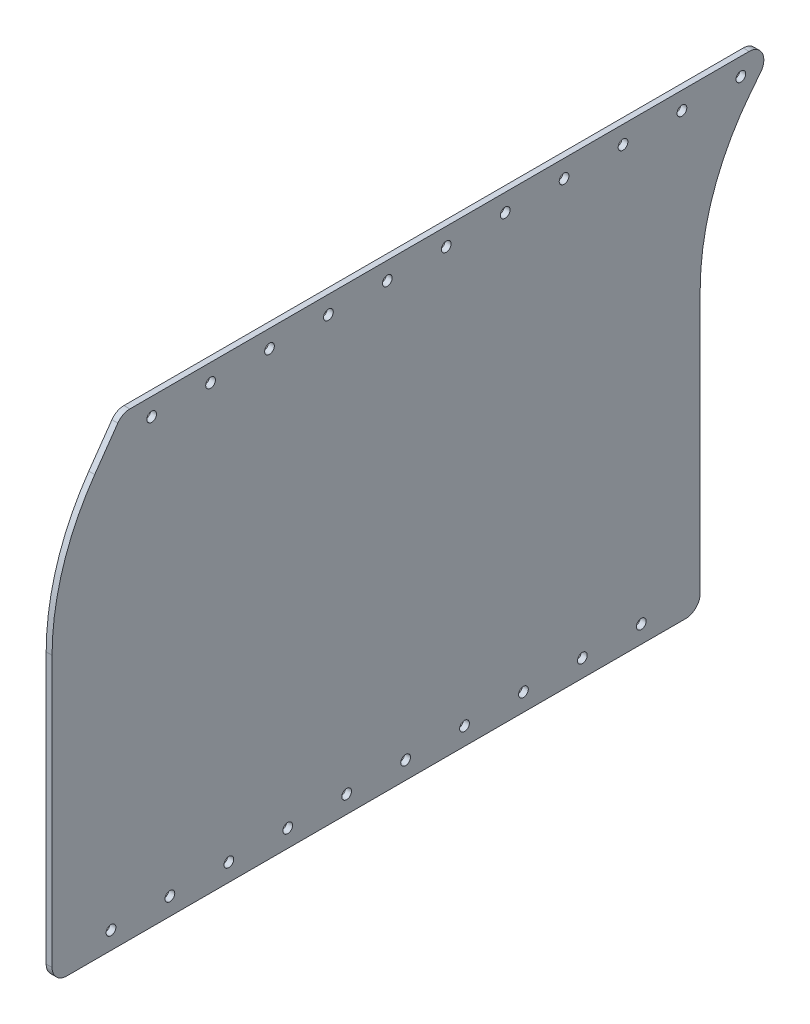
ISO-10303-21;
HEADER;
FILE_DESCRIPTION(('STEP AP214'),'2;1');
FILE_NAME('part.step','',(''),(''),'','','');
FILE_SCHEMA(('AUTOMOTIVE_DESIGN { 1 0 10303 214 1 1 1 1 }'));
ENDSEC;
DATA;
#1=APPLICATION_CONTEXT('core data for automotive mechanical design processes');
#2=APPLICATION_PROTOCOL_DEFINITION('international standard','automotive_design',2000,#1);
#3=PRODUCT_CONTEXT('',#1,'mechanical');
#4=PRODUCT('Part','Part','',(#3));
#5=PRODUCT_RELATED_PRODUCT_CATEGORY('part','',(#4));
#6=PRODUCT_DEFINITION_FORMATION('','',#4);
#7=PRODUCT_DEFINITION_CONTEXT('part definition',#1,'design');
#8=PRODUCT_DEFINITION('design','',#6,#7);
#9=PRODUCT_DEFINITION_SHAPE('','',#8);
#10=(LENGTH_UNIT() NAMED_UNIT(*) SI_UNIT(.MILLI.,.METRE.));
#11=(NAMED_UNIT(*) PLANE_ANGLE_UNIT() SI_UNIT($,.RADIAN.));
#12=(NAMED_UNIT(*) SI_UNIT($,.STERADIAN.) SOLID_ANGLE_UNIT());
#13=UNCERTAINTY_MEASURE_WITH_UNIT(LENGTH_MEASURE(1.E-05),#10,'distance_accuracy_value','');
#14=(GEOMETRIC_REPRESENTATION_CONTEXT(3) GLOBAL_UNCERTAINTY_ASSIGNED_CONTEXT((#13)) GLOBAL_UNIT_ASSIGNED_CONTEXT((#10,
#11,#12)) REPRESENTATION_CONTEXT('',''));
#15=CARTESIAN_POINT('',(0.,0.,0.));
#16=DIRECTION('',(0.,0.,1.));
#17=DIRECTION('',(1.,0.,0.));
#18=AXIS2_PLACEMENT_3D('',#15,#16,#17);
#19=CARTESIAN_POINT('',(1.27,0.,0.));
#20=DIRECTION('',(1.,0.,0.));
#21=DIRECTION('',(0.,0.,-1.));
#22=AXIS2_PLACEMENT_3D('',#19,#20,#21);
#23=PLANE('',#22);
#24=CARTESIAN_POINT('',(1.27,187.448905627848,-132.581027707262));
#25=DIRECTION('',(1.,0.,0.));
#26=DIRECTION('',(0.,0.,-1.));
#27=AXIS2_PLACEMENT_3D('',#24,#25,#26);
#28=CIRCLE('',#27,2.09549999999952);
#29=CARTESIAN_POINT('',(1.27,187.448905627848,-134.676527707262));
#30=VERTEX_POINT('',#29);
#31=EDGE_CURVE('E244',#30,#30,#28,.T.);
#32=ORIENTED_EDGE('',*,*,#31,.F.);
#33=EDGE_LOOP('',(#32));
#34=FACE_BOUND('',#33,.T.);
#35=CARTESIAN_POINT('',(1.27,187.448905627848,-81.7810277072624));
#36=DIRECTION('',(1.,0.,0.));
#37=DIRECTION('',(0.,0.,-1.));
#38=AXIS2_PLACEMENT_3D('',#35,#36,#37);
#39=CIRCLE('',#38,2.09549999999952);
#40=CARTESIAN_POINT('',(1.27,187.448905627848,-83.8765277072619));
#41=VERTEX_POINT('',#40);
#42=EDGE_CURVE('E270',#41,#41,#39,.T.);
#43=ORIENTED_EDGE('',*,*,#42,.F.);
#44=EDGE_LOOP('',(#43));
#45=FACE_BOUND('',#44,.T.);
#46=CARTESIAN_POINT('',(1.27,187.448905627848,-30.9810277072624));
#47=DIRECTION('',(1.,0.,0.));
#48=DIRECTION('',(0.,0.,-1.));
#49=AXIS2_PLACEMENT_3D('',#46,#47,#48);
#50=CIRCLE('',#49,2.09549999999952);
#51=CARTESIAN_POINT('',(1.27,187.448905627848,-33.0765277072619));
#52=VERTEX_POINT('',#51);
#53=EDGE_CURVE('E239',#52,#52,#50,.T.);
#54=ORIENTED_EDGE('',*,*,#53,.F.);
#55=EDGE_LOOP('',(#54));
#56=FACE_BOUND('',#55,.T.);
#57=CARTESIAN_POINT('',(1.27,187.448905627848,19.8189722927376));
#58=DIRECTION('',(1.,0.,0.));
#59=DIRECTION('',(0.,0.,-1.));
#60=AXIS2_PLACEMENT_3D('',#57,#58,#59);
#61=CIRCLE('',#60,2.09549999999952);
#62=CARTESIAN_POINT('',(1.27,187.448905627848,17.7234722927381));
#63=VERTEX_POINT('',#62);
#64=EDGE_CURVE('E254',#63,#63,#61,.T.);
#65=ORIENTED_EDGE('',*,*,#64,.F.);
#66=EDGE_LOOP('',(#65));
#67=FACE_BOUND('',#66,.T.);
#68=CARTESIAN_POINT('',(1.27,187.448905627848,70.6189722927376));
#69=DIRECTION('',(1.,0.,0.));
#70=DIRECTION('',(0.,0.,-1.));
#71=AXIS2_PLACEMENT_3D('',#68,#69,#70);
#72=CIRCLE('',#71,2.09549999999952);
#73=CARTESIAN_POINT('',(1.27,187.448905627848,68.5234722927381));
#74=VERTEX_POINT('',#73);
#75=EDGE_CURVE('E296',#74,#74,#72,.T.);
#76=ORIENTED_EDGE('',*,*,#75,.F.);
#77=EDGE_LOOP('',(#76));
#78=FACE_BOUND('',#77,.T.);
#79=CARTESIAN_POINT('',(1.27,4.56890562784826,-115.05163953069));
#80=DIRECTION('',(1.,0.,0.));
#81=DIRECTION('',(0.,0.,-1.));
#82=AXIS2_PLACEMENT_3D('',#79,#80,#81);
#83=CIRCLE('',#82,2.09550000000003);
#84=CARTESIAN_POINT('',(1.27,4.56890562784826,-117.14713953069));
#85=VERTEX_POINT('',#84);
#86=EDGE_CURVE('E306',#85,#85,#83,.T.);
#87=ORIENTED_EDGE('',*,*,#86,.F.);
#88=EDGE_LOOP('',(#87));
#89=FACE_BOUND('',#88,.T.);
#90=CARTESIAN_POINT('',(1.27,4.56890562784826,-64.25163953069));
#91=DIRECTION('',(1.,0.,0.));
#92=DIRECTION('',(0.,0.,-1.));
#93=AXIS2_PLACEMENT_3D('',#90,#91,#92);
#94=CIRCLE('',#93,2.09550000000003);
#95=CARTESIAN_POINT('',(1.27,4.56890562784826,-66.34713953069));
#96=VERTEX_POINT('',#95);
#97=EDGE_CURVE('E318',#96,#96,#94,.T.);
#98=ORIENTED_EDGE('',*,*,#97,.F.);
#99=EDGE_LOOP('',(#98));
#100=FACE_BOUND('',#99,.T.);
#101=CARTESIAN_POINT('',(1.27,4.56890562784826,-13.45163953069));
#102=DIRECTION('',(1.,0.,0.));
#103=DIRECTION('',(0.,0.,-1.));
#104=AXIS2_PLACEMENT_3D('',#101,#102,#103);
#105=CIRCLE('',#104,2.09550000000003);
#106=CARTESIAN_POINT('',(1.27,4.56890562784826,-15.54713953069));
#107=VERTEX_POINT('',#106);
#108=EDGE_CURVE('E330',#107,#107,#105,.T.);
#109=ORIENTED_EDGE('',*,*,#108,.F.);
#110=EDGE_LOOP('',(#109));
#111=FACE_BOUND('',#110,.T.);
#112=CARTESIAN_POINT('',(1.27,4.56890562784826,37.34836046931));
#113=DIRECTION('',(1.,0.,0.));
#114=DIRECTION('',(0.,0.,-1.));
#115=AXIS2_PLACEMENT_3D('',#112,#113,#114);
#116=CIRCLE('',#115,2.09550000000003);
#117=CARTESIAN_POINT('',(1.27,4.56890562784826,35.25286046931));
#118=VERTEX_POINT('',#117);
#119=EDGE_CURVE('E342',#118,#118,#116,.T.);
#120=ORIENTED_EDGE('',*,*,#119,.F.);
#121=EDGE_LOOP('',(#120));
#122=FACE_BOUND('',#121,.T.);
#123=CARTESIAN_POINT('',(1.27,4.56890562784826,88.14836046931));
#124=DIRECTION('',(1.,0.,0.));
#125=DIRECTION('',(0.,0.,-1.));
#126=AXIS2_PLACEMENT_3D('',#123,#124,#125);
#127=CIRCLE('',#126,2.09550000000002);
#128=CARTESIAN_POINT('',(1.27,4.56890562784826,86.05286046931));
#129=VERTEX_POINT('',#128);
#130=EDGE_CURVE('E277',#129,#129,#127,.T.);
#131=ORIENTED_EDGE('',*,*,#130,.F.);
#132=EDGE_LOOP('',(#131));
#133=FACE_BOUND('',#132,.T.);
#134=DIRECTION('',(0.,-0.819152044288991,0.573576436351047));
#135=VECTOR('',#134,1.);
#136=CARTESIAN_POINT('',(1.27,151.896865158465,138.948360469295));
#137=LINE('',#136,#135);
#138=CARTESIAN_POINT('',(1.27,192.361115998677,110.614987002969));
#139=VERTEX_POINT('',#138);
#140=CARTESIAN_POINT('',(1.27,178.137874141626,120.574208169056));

────────

_Task directions:_ Reproduce the lines word for word, starting at the one holding "#124=DIRECTION('',(1.,0.,0.));" and ending at the final line of the material above.

_Result of this task:_
#124=DIRECTION('',(1.,0.,0.));
#125=DIRECTION('',(0.,0.,-1.));
#126=AXIS2_PLACEMENT_3D('',#123,#124,#125);
#127=CIRCLE('',#126,2.09550000000002);
#128=CARTESIAN_POINT('',(1.27,4.56890562784826,86.05286046931));
#129=VERTEX_POINT('',#128);
#130=EDGE_CURVE('E277',#129,#129,#127,.T.);
#131=ORIENTED_EDGE('',*,*,#130,.F.);
#132=EDGE_LOOP('',(#131));
#133=FACE_BOUND('',#132,.T.);
#134=DIRECTION('',(0.,-0.819152044288991,0.573576436351047));
#135=VECTOR('',#134,1.);
#136=CARTESIAN_POINT('',(1.27,151.896865158465,138.948360469295));
#137=LINE('',#136,#135);
#138=CARTESIAN_POINT('',(1.27,192.361115998677,110.614987002969));
#139=VERTEX_POINT('',#138);
#140=CARTESIAN_POINT('',(1.27,178.137874141626,120.574208169056));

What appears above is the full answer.